Table 3 above sets forth field values for a first-level (L1) cache field in accordance with one embodiment of the present invention. Specifically, the hints specified by fld_loc field 301 allow software to specify the locality, or likelihood of data reuse, with regard to the first-level (L1) cache. For example, the fld_nru hint can be used to indicate that the data has some non-temporal (spatial) locality (meaning that adjacent memory objects are likely to be referenced as well) but poor temporal locality (meaning that the referenced data is unlikely to be re-accessed soon). A processor may use this hint by placing the data in a separate non-temporal structure at the first level, if implemented, or by encaching the data in the level 1 cache, but marking the line as eligible for replacement.
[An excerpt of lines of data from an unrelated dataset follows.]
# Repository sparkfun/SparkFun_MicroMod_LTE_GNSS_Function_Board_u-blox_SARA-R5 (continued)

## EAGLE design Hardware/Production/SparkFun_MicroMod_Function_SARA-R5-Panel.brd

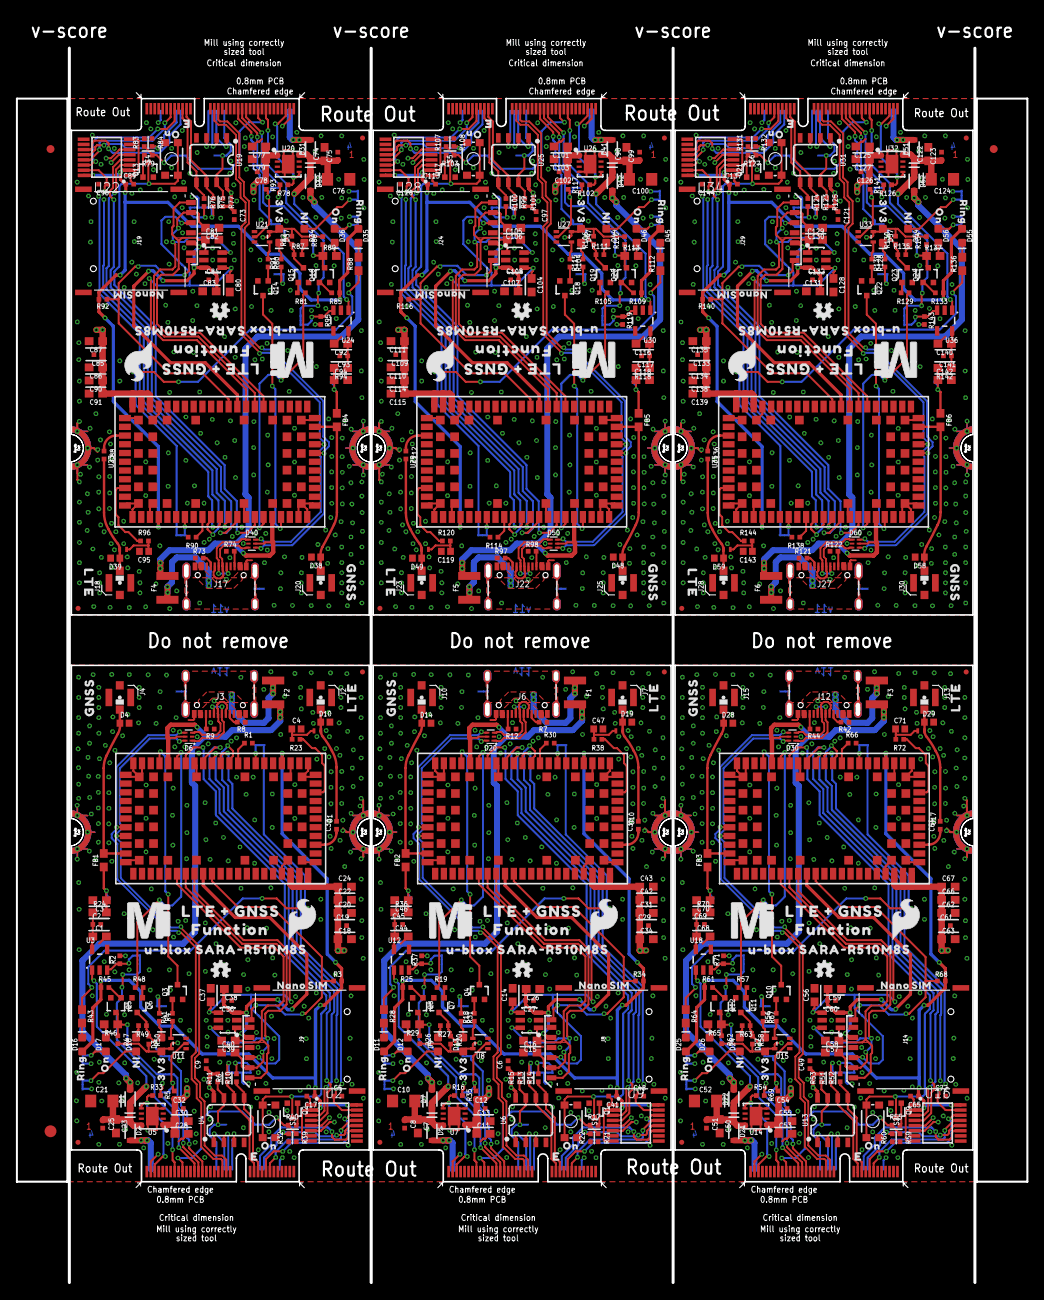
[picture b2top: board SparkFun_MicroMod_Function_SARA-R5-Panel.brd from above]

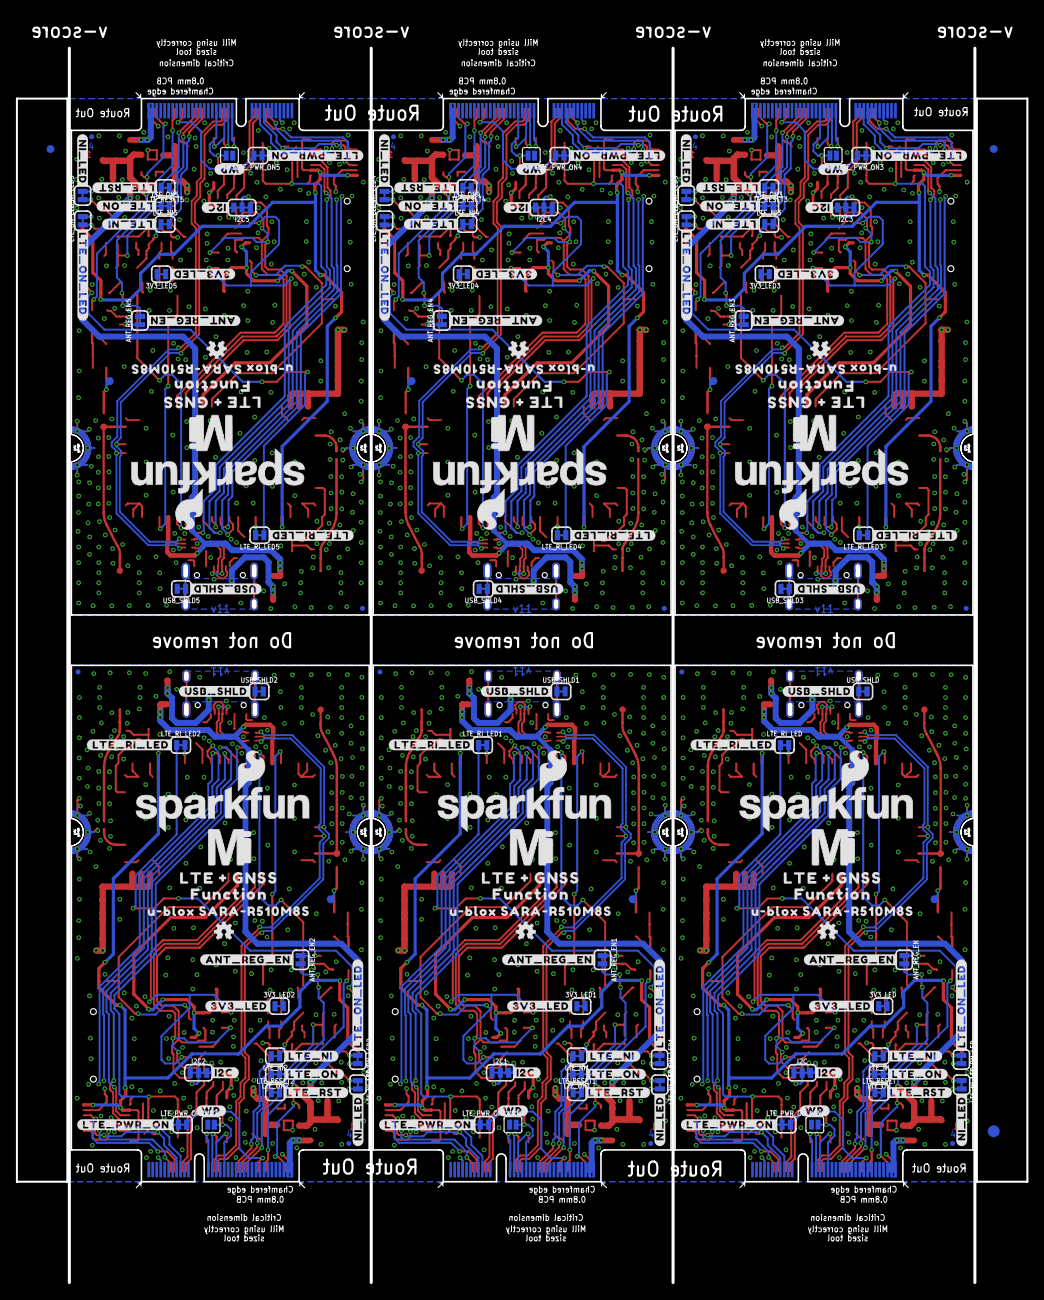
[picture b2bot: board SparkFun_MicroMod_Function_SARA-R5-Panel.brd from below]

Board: 4 copper layers, 127.2 x 155.4 mm, 768 parts (201 on the bottom side), 432 nets.

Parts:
3V3_LED, 3V3_LED1, 3V3_LED2, 3V3_LED3, 3V3_LED4, 3V3_LED5: JUMPER-SMT_2_NC_TRACE_SILK; SMT-JUMPER_2_NC_TRACE_SILK
ANT_REG_EN, ANT_REG_EN1, ANT_REG_EN2, ANT_REG_EN3, ANT_REG_EN4, ANT_REG_EN5: JUMPER-SMT_2_NC_TRACE_SILK; SMT-JUMPER_2_NC_TRACE_SILK
C1, C44, C68, C92, C116, C140: 1.0uF; 0603
C2, C5, C6, C8, C9, C12, C17, C19, C25, C27, C29, C32, C36, C41, C45, C48, C49, C51, C54, C60, C61, C65, C69, C72, C73, C75, C78, C84, C85, C89, C93, C96, C97, C99, C102, C108, C109, C113, C117, C120, C121, C123, C126, C132, C133, C137, C141, C144: 0.1uF; 0402-TIGHT
C3, C14, C15, C16, C26, C37, C38, C39, C40, C46, C56, C57, C58, C59, C70, C80, C81, C82, C83, C94, C104, C105, C106, C107, C118, C128, C129, C130, C131, C142: 47pF; 0603
C4, C47, C71, C95, C119, C143: 27pF; 0402
C7, C13, C23, C30, C50, C55, C74, C79, C98, C103, C122, C127: 0.22uF; 0603
C10, C21, C52, C76, C100, C124: 10uF; EIA3216
C11, C28, C53, C77, C101, C125: 4.7uF; 0603
C18, C34, C63, C87, C111, C135: 10uF; 0603
C20, C31, C62, C86, C110, C134: 68pF; 0603
C22, C42, C66, C90, C114, C138: 15pF; 0603
C24, C43, C67, C91, C115, C139: 8.2pF; 0603
C33, C35, C64, C88, C112, C136: 33pF; 0402-TIGHT
D1, D2, D5, D7, D21, D22, D31, D32, D41, D42, D51, D52: 3A/10V/280mV; SOD-323
D3, D11, D12, D13, D16, D17, D25, D26, D27, D35, D36, D37, D45, D46, D47, D55, D56, D57: RED; LED-0603
D4, D10, D14, D19, D28, D29, D38, D39, D48, D49, D58, D59: PESD0402-0402; 0402
D6, D20, D30, D40, D50, D60: PRTR5V0U2F; SOT886
D8, D15, D23, D33, D43, D53: DT1042-04SO-7; SOT23-6L
D9, D18, D24, D34, D44, D54: BLUE; LED-0603
E$1, E$2, E$3, E$4: FIDUCIAL-1X2
E$5, E$6: FIDUCIAL-1.5X3
F1, F2, F3, F4, F5, F6: 6V/2A; 1210
FB1, FB2, FB3, FB4, FB5, FB6: 30Ω/1.8A; 0603
FD1, FD2, FD3, FD4, FD5, FD6, FD7, FD8, FD9, FD10, FD11, FD12, FD13, FD14, FD15, FD16, FD17, FD18, FD19, FD20, FD21, FD22, FD23, FD24: FIDUCIALUFIDUCIAL; FIDUCIAL-MICRO
I2C, I2C1, I2C2, I2C3, I2C4, I2C5: JUMPER-SMT_3_2-NC_TRACE_SILK; SMT-JUMPER_3_2-NC_TRACE_SILK
J1, J5, J11, J16, J21, J26: MICROMOD_FUNCTION_STANDARD; M.2-CARD-E-22_FUNCTION_STANDARD
J2, J4, J7, J10, J13, J15, J18, J20, J23, J25, J28, J30: U.FL
J3, J6, J12, J17, J22, J27: USB-C-16P-2LAYER-PADS
J8, J9, J14, J19, J24, J29: NANO_SIM; NANO_SIM_PP
L1, L2, L3, L4, L5, L6: 68nH; 0402_COILCRAFT
LOGO1, LOGO3, LOGO9, LOGO13, LOGO17, LOGO21: SFE_LOGO_NAME_FLAME.2_INCH; SFE_LOGO_NAME_FLAME_.2
LOGO2, LOGO5, LOGO10, LOGO14, LOGO18, LOGO22: SFE_LOGO_FLAME.2_INCH; SFE_LOGO_FLAME_.2
LOGO4, LOGO6, LOGO7, LOGO8, LOGO11, LOGO12, LOGO15, LOGO16, LOGO19, LOGO20, LOGO23, LOGO24: OSHW-LOGOMINI; OSHW-LOGO-MINI
LTE_NI, LTE_NI1, LTE_NI2, LTE_NI3, LTE_NI4, LTE_NI5: JUMPER-SMT_2_NC_TRACE_SILK; SMT-JUMPER_2_NC_TRACE_SILK
LTE_NI_LED, LTE_NI_LED1, LTE_NI_LED2, LTE_NI_LED3, LTE_NI_LED4, LTE_NI_LED5: JUMPER-SMT_2_NC_TRACE_SILK; SMT-JUMPER_2_NC_TRACE_SILK
LTE_ON, LTE_ON1, LTE_ON2, LTE_ON3, LTE_ON4, LTE_ON5: JUMPER-SMT_2_NC_TRACE_SILK; SMT-JUMPER_2_NC_TRACE_SILK
LTE_ON_LED, LTE_ON_LED1, LTE_ON_LED2, LTE_ON_LED3, LTE_ON_LED4, LTE_ON_LED5: JUMPER-SMT_2_NC_TRACE_SILK; SMT-JUMPER_2_NC_TRACE_SILK
LTE_PWR_ON, LTE_PWR_ON1, LTE_PWR_ON2, LTE_PWR_ON3, LTE_PWR_ON4, LTE_PWR_ON5: JUMPER-SMT_2_NC_TRACE_SILK; SMT-JUMPER_2_NC_TRACE_SILK
LTE_RESET, LTE_RESET1, LTE_RESET2, LTE_RESET3, LTE_RESET4, LTE_RESET5: JUMPER-SMT_2_NC_TRACE_SILK; SMT-JUMPER_2_NC_TRACE_SILK
LTE_RI_LED, LTE_RI_LED1, LTE_RI_LED2, LTE_RI_LED3, LTE_RI_LED4, LTE_RI_LED5: JUMPER-SMT_2_NC_TRACE_SILK; SMT-JUMPER_2_NC_TRACE_SILK
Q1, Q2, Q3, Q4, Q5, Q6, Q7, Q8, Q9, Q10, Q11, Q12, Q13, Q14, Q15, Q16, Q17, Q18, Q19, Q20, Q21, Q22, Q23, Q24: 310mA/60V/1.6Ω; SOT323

The fld_no_allocate hint is stronger, indicating that the data is unlikely to have any kind of locality (or likelihood of data reuse), with regard to the level 1 cache. A processor may use this hint by not allocating space at all for the data at level 1. Of course other uses for these and the other hint fields are possible in different embodiments.
Table 4 above sets forth field values for a mid-level (L2) cache field in accordance with one embodiment of the present invention. Specifically, the hints specified by mld_loc field 302 allow software to specify the locality, or likelihood of data reuse, with regard to the mid-level (L2) cache, similarly to the level 1 cache hints.
Table 5 above sets forth field values for a last-level (LLC) cache field in accordance with one embodiment of the present invention. Specifically, the hints specified by llc_loc field 303 allow software to specify the locality, or likelihood of data reuse, with regard to the last-level cache (LLC), similarly to the level 1 and 2 cache hints, except that there is not a no-allocate hint.
Table 6 above sets forth field values for a prefetch field in accordance with one embodiment of the present invention. The hints specified by pf field 304 allow software to control any data prefetching that may be initiated by the processor based on this reference. Such automatic data prefetching can be disabled at the first-level cache (pf_no_fld), the mid-level cache (pf_no_mld), or at all cache levels (pf_none).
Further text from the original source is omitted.